France : Macron maintient ses propos sur la colonisation, demande « pardon »

10:52  dimanche 19 février 2017 | Par Riyad Hamadi | Actualité 
Emmanuel Macron, ancien ministre de l’Économie et des Finances et candidat du Mouvement En Marche ! à l’élection présidentielle française de 2017. (CRÉDITS : REUTERS ©). (Crédits : FCE ©)

La polémique en France sur les déclarations d’Emmanuel Macron sur la colonisation qualifiée de « crime contre l’humanité » se poursuit.

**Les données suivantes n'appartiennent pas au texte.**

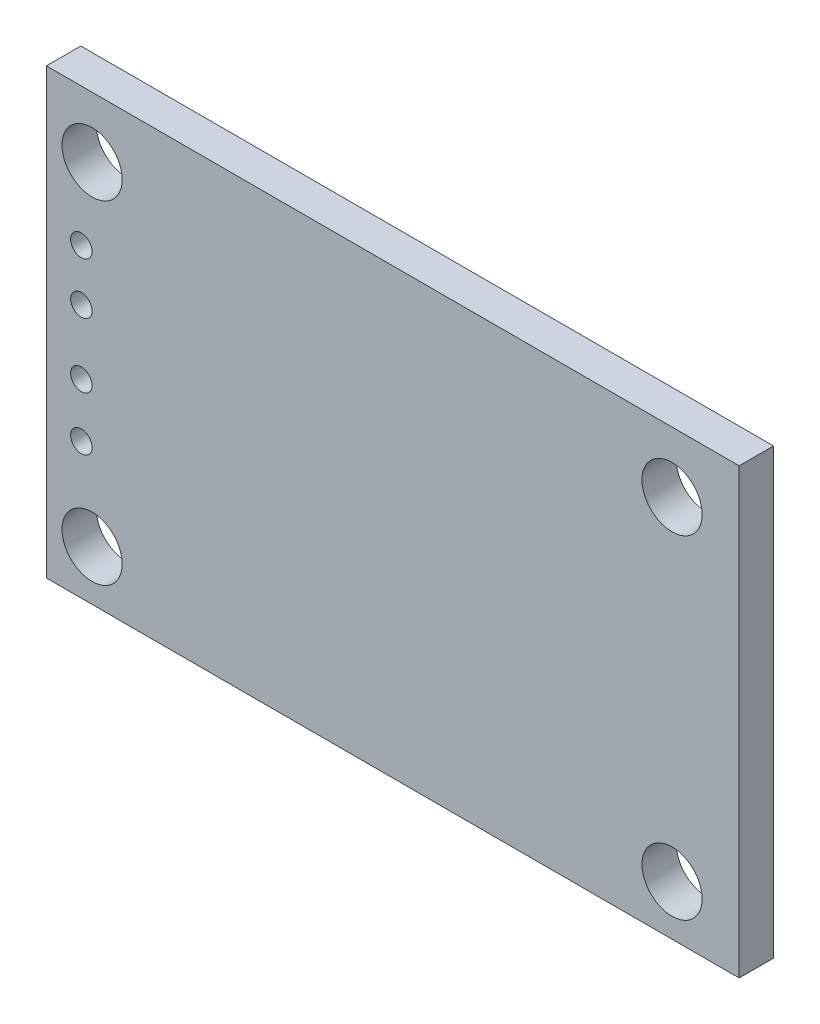
ISO-10303-21;
HEADER;
FILE_DESCRIPTION(('STEP AP214'),'2;1');
FILE_NAME('part.step','',(''),(''),'','','');
FILE_SCHEMA(('AUTOMOTIVE_DESIGN { 1 0 10303 214 1 1 1 1 }'));
ENDSEC;
DATA;
#1=APPLICATION_CONTEXT('core data for automotive mechanical design processes');
#2=APPLICATION_PROTOCOL_DEFINITION('international standard','automotive_design',2000,#1);
#3=PRODUCT_CONTEXT('',#1,'mechanical');
#4=PRODUCT('Part','Part','',(#3));
#5=PRODUCT_RELATED_PRODUCT_CATEGORY('part','',(#4));
#6=PRODUCT_DEFINITION_FORMATION('','',#4);
#7=PRODUCT_DEFINITION_CONTEXT('part definition',#1,'design');
#8=PRODUCT_DEFINITION('design','',#6,#7);
#9=PRODUCT_DEFINITION_SHAPE('','',#8);
#10=(LENGTH_UNIT() NAMED_UNIT(*) SI_UNIT(.MILLI.,.METRE.));
#11=(NAMED_UNIT(*) PLANE_ANGLE_UNIT() SI_UNIT($,.RADIAN.));
#12=(NAMED_UNIT(*) SI_UNIT($,.STERADIAN.) SOLID_ANGLE_UNIT());
#13=UNCERTAINTY_MEASURE_WITH_UNIT(LENGTH_MEASURE(1.E-05),#10,'distance_accuracy_value','');
#14=(GEOMETRIC_REPRESENTATION_CONTEXT(3) GLOBAL_UNCERTAINTY_ASSIGNED_CONTEXT((#13)) GLOBAL_UNIT_ASSIGNED_CONTEXT((#10,
#11,#12)) REPRESENTATION_CONTEXT('',''));
#15=CARTESIAN_POINT('',(0.,0.,0.));
#16=DIRECTION('',(0.,0.,1.));
#17=DIRECTION('',(1.,0.,0.));
#18=AXIS2_PLACEMENT_3D('',#15,#16,#17);
#19=CARTESIAN_POINT('',(-14.50000021606,1.500000022352,1.6));
#20=DIRECTION('',(0.,0.,-1.));
#21=DIRECTION('',(-1.,0.,0.));
#22=AXIS2_PLACEMENT_3D('',#19,#20,#21);
#23=CYLINDRICAL_SURFACE('',#22,0.5);
#24=CARTESIAN_POINT('',(-14.50000021606,1.500000022352,0.));
#25=DIRECTION('',(0.,0.,1.));
#26=DIRECTION('',(-1.,0.,0.));
#27=AXIS2_PLACEMENT_3D('',#24,#25,#26);
#28=CIRCLE('',#27,0.5);
#29=CARTESIAN_POINT('',(-15.00000021606,1.500000022352,0.));
#30=VERTEX_POINT('',#29);
#31=EDGE_CURVE('E94',#30,#30,#28,.T.);
#32=ORIENTED_EDGE('',*,*,#31,.F.);
#33=EDGE_LOOP('',(#32));
#34=FACE_BOUND('',#33,.T.);
#35=CARTESIAN_POINT('',(-14.50000021606,1.500000022352,1.6));
#36=DIRECTION('',(0.,0.,-1.));
#37=DIRECTION('',(-1.,0.,0.));
#38=AXIS2_PLACEMENT_3D('',#35,#36,#37);
#39=CIRCLE('',#38,0.5);
#40=CARTESIAN_POINT('',(-15.00000021606,1.500000022352,1.6));
#41=VERTEX_POINT('',#40);
#42=EDGE_CURVE('E82',#41,#41,#39,.T.);
#43=ORIENTED_EDGE('',*,*,#42,.F.);
#44=EDGE_LOOP('',(#43));
#45=FACE_BOUND('',#44,.T.);
#46=ADVANCED_FACE('F17',(#34,#45),#23,.F.);
#47=CARTESIAN_POINT('',(-14.50000021606,-1.500000022352,1.6));
#48=DIRECTION('',(0.,0.,-1.));
#49=DIRECTION('',(-1.,0.,0.));
#50=AXIS2_PLACEMENT_3D('',#47,#48,#49);
#51=CYLINDRICAL_SURFACE('',#50,0.5);
#52=CARTESIAN_POINT('',(-14.50000021606,-1.500000022352,0.));
#53=DIRECTION('',(0.,0.,1.));
#54=DIRECTION('',(-1.,0.,0.));
#55=AXIS2_PLACEMENT_3D('',#52,#53,#54);
#56=CIRCLE('',#55,0.5);
#57=CARTESIAN_POINT('',(-15.00000021606,-1.500000022352,0.));
#58=VERTEX_POINT('',#57);
#59=EDGE_CURVE('E129',#58,#58,#56,.T.);
#60=ORIENTED_EDGE('',*,*,#59,.F.);
#61=EDGE_LOOP('',(#60));
#62=FACE_BOUND('',#61,.T.);
#63=CARTESIAN_POINT('',(-14.50000021606,-1.500000022352,1.6));
#64=DIRECTION('',(0.,0.,-1.));
#65=DIRECTION('',(-1.,0.,0.));
#66=AXIS2_PLACEMENT_3D('',#63,#64,#65);
#67=CIRCLE('',#66,0.5);
#68=CARTESIAN_POINT('',(-15.00000021606,-1.500000022352,1.6));
#69=VERTEX_POINT('',#68);
#70=EDGE_CURVE('E132',#69,#69,#67,.T.);
#71=ORIENTED_EDGE('',*,*,#70,.F.);
#72=EDGE_LOOP('',(#71));
#73=FACE_BOUND('',#72,.T.);
#74=ADVANCED_FACE('F144',(#62,#73),#51,.F.);
#75=CARTESIAN_POINT('',(-14.50000021606,3.899999940395,1.6));
#76=DIRECTION('',(0.,0.,-1.));
#77=DIRECTION('',(-1.,0.,0.));
#78=AXIS2_PLACEMENT_3D('',#75,#76,#77);
#79=CYLINDRICAL_SURFACE('',#78,0.5);
#80=CARTESIAN_POINT('',(-14.50000021606,3.899999940395,0.));
#81=DIRECTION('',(0.,0.,1.));
#82=DIRECTION('',(-1.,0.,0.));
#83=AXIS2_PLACEMENT_3D('',#80,#81,#82);
#84=CIRCLE('',#83,0.5);
#85=CARTESIAN_POINT('',(-15.00000021606,3.899999940395,0.));
#86=VERTEX_POINT('',#85);
#87=EDGE_CURVE('E123',#86,#86,#84,.T.);
#88=ORIENTED_EDGE('',*,*,#87,.F.);
#89=EDGE_LOOP('',(#88));
#90=FACE_BOUND('',#89,.T.);
#91=CARTESIAN_POINT('',(-14.50000021606,3.899999940395,1.6));
#92=DIRECTION('',(0.,0.,-1.));
#93=DIRECTION('',(-1.,0.,0.));
#94=AXIS2_PLACEMENT_3D('',#91,#92,#93);
#95=CIRCLE('',#94,0.5);
#96=CARTESIAN_POINT('',(-15.00000021606,3.899999940395,1.6));
#97=VERTEX_POINT('',#96);
#98=EDGE_CURVE('E126',#97,#97,#95,.T.);
#99=ORIENTED_EDGE('',*,*,#98,.F.);
#100=EDGE_LOOP('',(#99));
#101=FACE_BOUND('',#100,.T.);
#102=ADVANCED_FACE('F151',(#90,#101),#79,.F.);
#103=CARTESIAN_POINT('',(-14.50000021606,-4.000000059605,1.6));
#104=DIRECTION('',(0.,0.,-1.));
#105=DIRECTION('',(-1.,0.,0.));
#106=AXIS2_PLACEMENT_3D('',#103,#104,#105);
#107=CYLINDRICAL_SURFACE('',#106,0.5);
#108=CARTESIAN_POINT('',(-14.50000021606,-4.000000059605,0.));
#109=DIRECTION('',(0.,0.,1.));
#110=DIRECTION('',(-1.,0.,0.));
#111=AXIS2_PLACEMENT_3D('',#108,#109,#110);
#112=CIRCLE('',#111,0.5);
#113=CARTESIAN_POINT('',(-15.00000021606,-4.000000059605,0.));
#114=VERTEX_POINT('',#113);
#115=EDGE_CURVE('E117',#114,#114,#112,.T.);
#116=ORIENTED_EDGE('',*,*,#115,.F.);
#117=EDGE_LOOP('',(#116));
#118=FACE_BOUND('',#117,.T.);
#119=CARTESIAN_POINT('',(-14.50000021606,-4.000000059605,1.6));
#120=DIRECTION('',(0.,0.,-1.));
#121=DIRECTION('',(-1.,0.,0.));
#122=AXIS2_PLACEMENT_3D('',#119,#120,#121);
#123=CIRCLE('',#122,0.5);
#124=CARTESIAN_POINT('',(-15.00000021606,-4.000000059605,1.6));
#125=VERTEX_POINT('',#124);
#126=EDGE_CURVE('E120',#125,#125,#123,.T.);
#127=ORIENTED_EDGE('',*,*,#126,.F.);
#128=EDGE_LOOP('',(#127));
#129=FACE_BOUND('',#128,.T.);
#130=ADVANCED_FACE('F158',(#118,#129),#107,.F.);
#131=CARTESIAN_POINT('',(12.999999791384,7.499999880791,1.6));
#132=DIRECTION('',(0.,0.,-1.));
#133=DIRECTION('',(-1.,0.,0.));
#134=AXIS2_PLACEMENT_3D('',#131,#132,#133);
#135=CYLINDRICAL_SURFACE('',#134,1.4);
#136=CARTESIAN_POINT('',(12.999999791384,7.499999880791,0.));
#137=DIRECTION('',(0.,0.,1.));
#138=DIRECTION('',(-1.,0.,0.));
#139=AXIS2_PLACEMENT_3D('',#136,#137,#138);
#140=CIRCLE('',#139,1.4);
#141=CARTESIAN_POINT('',(11.599999791384,7.499999880791,0.));
#142=VERTEX_POINT('',#141);
#143=EDGE_CURVE('E111',#142,#142,#140,.T.);
#144=ORIENTED_EDGE('',*,*,#143,.F.);
#145=EDGE_LOOP('',(#144));
#146=FACE_BOUND('',#145,.T.);
#147=CARTESIAN_POINT('',(12.999999791384,7.499999880791,1.6));
#148=DIRECTION('',(0.,0.,-1.));
#149=DIRECTION('',(-1.,0.,0.));
#150=AXIS2_PLACEMENT_3D('',#147,#148,#149);
#151=CIRCLE('',#150,1.4);
#152=CARTESIAN_POINT('',(11.599999791384,7.499999880791,1.6));
#153=VERTEX_POINT('',#152);
#154=EDGE_CURVE('E114',#153,#153,#151,.T.);
#155=ORIENTED_EDGE('',*,*,#154,.F.);
#156=EDGE_LOOP('',(#155));
#157=FACE_BOUND('',#156,.T.);
#158=ADVANCED_FACE('F162',(#146,#157),#135,.F.);
#159=CARTESIAN_POINT('',(12.999999791384,-8.000000119209,1.6));
#160=DIRECTION('',(0.,0.,-1.));
#161=DIRECTION('',(-1.,0.,0.));
#162=AXIS2_PLACEMENT_3D('',#159,#160,#161);
#163=CYLINDRICAL_SURFACE('',#162,1.4);
#164=CARTESIAN_POINT('',(12.999999791384,-8.000000119209,0.));
#165=DIRECTION('',(0.,0.,1.));
#166=DIRECTION('',(-1.,0.,0.));
#167=AXIS2_PLACEMENT_3D('',#164,#165,#166);
#168=CIRCLE('',#167,1.4);
#169=CARTESIAN_POINT('',(11.599999791384,-8.000000119209,0.));
#170=VERTEX_POINT('',#169);
#171=EDGE_CURVE('E105',#170,#170,#168,.T.);
#172=ORIENTED_EDGE('',*,*,#171,.F.);
#173=EDGE_LOOP('',(#172));
#174=FACE_BOUND('',#173,.T.);
#175=CARTESIAN_POINT('',(12.999999791384,-8.000000119209,1.6));
#176=DIRECTION('',(0.,0.,-1.));
#177=DIRECTION('',(-1.,0.,0.));
#178=AXIS2_PLACEMENT_3D('',#175,#176,#177);
#179=CIRCLE('',#178,1.4);
#180=CARTESIAN_POINT('',(11.599999791384,-8.000000119209,1.6));
#181=VERTEX_POINT('',#180);
#182=EDGE_CURVE('E108',#181,#181,#179,.T.);
#183=ORIENTED_EDGE('',*,*,#182,.F.);
#184=EDGE_LOOP('',(#183));
#185=FACE_BOUND('',#184,.T.);
#186=ADVANCED_FACE('F166',(#174,#185),#163,.F.);
#187=CARTESIAN_POINT('',(-14.00000020861,7.499999880791,1.6));
#188=DIRECTION('',(0.,0.,-1.));
#189=DIRECTION('',(-1.,0.,0.));
#190=AXIS2_PLACEMENT_3D('',#187,#188,#189);
#191=CYLINDRICAL_SURFACE('',#190,1.4);
#192=CARTESIAN_POINT('',(-14.00000020861,7.499999880791,0.));
#193=DIRECTION('',(0.,0.,1.));
#194=DIRECTION('',(-1.,0.,0.));
#195=AXIS2_PLACEMENT_3D('',#192,#193,#194);
#196=CIRCLE('',#195,1.4);
#197=CARTESIAN_POINT('',(-15.40000020861,7.499999880791,0.));
#198=VERTEX_POINT('',#197);
#199=EDGE_CURVE('E101',#198,#198,#196,.T.);
#200=ORIENTED_EDGE('',*,*,#199,.F.);
#201=EDGE_LOOP('',(#200));
#202=FACE_BOUND('',#201,.T.);
#203=CARTESIAN_POINT('',(-14.00000020861,7.499999880791,1.6));
#204=DIRECTION('',(0.,0.,-1.));
#205=DIRECTION('',(-1.,0.,0.));
#206=AXIS2_PLACEMENT_3D('',#203,#204,#205);
#207=CIRCLE('',#206,1.4);
#208=CARTESIAN_POINT('',(-15.40000020861,7.499999880791,1.6));
#209=VERTEX_POINT('',#208);
#210=EDGE_CURVE('E88',#209,#209,#207,.T.);
#211=ORIENTED_EDGE('',*,*,#210,.F.);
#212=EDGE_LOOP('',(#211));
#213=FACE_BOUND('',#212,.T.);
#214=ADVANCED_FACE('F170',(#202,#213),#191,.F.);
#215=CARTESIAN_POINT('',(-14.00000020861,-8.000000119209,1.6));
#216=DIRECTION('',(0.,0.,-1.));
#217=DIRECTION('',(-1.,0.,0.));
#218=AXIS2_PLACEMENT_3D('',#215,#216,#217);
#219=CYLINDRICAL_SURFACE('',#218,1.4);
#220=CARTESIAN_POINT('',(-14.00000020861,-8.000000119209,0.));
#221=DIRECTION('',(0.,0.,1.));
#222=DIRECTION('',(-1.,0.,0.));
#223=AXIS2_PLACEMENT_3D('',#220,#221,#222);
#224=CIRCLE('',#223,1.4);
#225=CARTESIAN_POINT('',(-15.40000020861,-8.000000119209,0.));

Samedi, le candidat à l’élection présidentielle française a maintenu ses propos, mais il a demandé pardon notamment aux harkis et aux pieds-noirs. « Je ne vais pas retirer mes propos, m’excuser, ou faire moi-même de la repentance», a-t-il prévenu lors d’un meeting à Toulon, dans le sud-est de la France, où il a été accueilli par des manifestants pieds-noirs pour lui réclamer des excuses.

Face à la foule, le président du mouvement En Marche a lancé « Je vous ai compris » ; la célèbre phrase prononcée par le général De Gaule durant la guerre d’Algérie. Il a reconnu « avoir blessé » de nombreux pieds-noirs et a demandé « pardon ».

« (…) Je sais que j’ai blessé (…) (et) je suis désolé de vous avoir blessés, de vous avoir offensés, de vous avoir fait du mal. (…) Pardon pour les passionnés, pardon de vous avoir fait mal, parce que ça n’est pas ce que je voulais », s’est excusé Macron, pour tenter d’éteindre la polémique sur ses déclarations à Alger. Au passage, dans son discours il a gommé le terme « crimes contre l’humanité » au profit de « crime contre l’humain », remarque Le Monde.

L’ancien ministre, dont le meeting a été perturbé par une manifestation organisée par le Front National (extrême droite), a estimé que « la responsabilité de la France était de les réconcilier ». Il s’adressait ainsi « aux rapatriés, aux harkis et aux anciens soldats », en les exhortant à « ne jamais céder à la haine », rapporte Le Figaro.

Les déclarations de Macron sur la colonisation lui ont valu des critiques notamment de la part de la droite et de l’extrême droite en France.